> [TASK STATEMENT] Report all lines of the data below that hold the word "unit".

> [PROVIDED INFORMATION]
------------------------------------------------
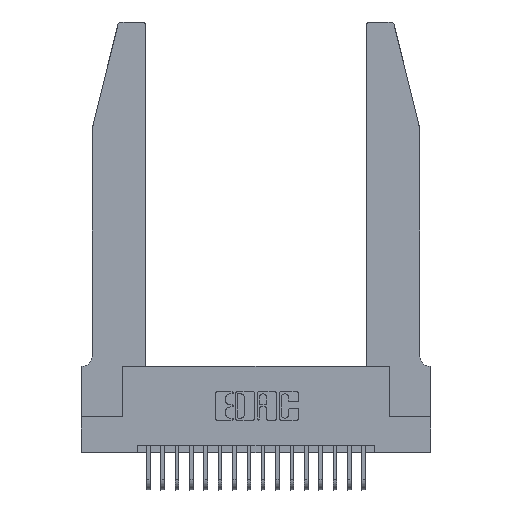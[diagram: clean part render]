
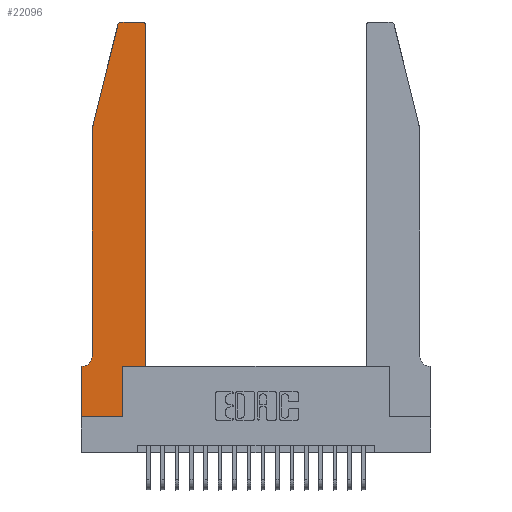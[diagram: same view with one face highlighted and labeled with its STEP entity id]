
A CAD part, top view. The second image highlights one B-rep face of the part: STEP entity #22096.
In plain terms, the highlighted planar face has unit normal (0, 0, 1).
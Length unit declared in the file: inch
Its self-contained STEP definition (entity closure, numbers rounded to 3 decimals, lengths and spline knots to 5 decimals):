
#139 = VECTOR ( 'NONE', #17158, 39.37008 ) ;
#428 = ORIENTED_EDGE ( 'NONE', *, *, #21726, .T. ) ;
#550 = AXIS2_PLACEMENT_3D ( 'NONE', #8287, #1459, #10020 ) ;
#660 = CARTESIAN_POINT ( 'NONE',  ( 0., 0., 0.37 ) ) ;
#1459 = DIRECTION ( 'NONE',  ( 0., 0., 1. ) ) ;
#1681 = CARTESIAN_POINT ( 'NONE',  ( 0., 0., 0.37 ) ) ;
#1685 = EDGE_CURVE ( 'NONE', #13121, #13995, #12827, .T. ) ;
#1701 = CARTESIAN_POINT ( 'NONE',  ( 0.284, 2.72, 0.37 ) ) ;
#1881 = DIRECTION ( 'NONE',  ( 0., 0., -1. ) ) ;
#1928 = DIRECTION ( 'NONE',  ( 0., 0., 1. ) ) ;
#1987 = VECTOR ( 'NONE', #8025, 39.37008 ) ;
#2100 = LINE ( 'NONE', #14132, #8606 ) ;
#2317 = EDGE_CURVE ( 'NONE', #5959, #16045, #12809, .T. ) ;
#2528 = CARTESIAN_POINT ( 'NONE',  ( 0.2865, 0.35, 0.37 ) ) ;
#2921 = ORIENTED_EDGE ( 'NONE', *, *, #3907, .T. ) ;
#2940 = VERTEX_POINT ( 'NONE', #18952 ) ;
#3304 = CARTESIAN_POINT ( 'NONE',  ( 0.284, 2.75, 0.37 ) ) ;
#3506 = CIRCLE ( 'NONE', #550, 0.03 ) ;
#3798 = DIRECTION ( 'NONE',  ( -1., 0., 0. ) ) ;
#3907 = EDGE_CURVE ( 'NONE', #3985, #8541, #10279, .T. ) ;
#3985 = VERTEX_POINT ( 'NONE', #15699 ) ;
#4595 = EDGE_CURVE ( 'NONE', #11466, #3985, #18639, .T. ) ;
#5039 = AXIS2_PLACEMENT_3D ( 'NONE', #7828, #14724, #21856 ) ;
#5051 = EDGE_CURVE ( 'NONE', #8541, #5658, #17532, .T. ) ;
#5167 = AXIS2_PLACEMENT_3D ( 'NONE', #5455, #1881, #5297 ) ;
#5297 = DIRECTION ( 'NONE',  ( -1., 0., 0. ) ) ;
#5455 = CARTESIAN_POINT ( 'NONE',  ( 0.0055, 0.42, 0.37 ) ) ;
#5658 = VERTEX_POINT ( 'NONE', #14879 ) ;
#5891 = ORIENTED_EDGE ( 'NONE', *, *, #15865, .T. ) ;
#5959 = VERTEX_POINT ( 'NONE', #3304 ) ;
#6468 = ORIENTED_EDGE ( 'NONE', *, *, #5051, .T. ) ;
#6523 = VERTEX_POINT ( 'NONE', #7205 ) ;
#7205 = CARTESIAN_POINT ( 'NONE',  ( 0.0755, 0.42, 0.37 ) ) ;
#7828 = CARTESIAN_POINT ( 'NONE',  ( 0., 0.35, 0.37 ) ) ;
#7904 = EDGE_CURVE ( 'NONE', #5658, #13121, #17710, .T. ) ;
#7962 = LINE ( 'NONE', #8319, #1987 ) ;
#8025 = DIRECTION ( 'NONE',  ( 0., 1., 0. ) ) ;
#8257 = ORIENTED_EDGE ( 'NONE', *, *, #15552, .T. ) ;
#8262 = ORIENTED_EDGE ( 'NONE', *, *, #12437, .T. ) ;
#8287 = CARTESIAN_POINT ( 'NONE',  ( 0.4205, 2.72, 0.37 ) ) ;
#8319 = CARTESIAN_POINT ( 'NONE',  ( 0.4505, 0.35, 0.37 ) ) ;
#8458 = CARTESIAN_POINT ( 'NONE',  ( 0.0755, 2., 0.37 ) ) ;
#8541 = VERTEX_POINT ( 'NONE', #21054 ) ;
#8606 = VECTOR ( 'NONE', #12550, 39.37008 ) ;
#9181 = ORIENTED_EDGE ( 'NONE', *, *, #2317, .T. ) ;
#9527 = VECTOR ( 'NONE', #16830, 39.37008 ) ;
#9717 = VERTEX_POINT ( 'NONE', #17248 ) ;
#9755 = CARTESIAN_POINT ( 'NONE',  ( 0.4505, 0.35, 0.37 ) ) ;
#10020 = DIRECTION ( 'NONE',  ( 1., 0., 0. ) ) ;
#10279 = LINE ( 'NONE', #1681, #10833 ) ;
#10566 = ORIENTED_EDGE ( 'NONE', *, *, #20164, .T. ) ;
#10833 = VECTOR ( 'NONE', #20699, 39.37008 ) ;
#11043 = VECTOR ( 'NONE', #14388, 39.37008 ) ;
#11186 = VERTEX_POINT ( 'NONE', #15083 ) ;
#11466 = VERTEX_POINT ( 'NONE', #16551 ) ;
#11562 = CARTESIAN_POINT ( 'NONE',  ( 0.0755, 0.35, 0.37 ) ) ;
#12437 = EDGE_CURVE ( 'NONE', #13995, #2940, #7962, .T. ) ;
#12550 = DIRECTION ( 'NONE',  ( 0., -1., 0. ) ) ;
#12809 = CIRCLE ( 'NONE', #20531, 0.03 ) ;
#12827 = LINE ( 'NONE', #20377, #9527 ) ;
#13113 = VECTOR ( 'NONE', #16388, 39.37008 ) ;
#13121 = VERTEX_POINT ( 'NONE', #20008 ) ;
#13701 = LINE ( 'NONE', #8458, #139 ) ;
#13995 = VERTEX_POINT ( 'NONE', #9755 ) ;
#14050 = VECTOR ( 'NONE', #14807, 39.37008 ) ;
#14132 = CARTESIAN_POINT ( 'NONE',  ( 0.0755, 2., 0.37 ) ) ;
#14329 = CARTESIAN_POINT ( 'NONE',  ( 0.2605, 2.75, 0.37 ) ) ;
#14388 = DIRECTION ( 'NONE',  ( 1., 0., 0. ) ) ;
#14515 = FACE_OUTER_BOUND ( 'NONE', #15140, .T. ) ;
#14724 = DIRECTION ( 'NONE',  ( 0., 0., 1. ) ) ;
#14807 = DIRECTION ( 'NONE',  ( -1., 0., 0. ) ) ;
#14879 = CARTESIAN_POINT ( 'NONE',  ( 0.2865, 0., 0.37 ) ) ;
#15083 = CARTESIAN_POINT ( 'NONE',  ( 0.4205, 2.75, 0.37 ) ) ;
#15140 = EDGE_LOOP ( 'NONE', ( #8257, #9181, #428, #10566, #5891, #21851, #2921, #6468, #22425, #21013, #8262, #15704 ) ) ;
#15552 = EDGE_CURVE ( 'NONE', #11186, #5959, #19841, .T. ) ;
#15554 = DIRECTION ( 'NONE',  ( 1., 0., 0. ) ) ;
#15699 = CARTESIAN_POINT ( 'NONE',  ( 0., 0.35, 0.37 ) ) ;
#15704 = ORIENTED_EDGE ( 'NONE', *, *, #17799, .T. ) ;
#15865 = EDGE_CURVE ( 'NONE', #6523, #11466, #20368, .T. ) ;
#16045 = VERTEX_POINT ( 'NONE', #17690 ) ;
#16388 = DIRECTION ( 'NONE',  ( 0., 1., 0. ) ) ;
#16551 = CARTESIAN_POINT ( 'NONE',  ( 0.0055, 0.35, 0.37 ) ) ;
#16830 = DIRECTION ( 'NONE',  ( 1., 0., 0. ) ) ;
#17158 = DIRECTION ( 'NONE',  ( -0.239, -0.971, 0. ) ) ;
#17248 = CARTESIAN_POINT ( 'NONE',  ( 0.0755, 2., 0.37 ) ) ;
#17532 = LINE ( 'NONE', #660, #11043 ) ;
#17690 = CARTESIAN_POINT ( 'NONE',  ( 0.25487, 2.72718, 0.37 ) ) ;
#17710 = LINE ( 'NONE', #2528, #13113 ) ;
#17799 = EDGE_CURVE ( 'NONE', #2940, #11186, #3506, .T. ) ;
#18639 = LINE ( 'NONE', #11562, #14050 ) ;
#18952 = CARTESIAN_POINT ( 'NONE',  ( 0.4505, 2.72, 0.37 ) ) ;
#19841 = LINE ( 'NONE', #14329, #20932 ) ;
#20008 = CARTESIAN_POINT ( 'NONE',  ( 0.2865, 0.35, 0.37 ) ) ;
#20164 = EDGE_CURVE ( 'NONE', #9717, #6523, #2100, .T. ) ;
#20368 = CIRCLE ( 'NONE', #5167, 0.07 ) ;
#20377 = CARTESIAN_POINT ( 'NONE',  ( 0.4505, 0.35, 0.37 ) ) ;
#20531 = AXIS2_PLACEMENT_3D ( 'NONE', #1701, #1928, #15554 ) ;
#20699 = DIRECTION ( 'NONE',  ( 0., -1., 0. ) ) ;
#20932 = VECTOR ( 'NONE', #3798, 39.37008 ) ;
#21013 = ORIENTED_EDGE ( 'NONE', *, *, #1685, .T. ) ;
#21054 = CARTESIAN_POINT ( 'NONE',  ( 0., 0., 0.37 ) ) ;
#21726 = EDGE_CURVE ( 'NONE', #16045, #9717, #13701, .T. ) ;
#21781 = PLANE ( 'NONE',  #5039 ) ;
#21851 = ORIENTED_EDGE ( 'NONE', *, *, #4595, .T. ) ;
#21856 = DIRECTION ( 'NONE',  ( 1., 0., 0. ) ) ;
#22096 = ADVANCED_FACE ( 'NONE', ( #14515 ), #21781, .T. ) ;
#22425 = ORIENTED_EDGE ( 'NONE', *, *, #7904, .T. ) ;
------------------------------------------------
> [ANSWER]
In plain terms, the highlighted planar face has unit normal (0, 0, 1).
Length unit declared in the file: inch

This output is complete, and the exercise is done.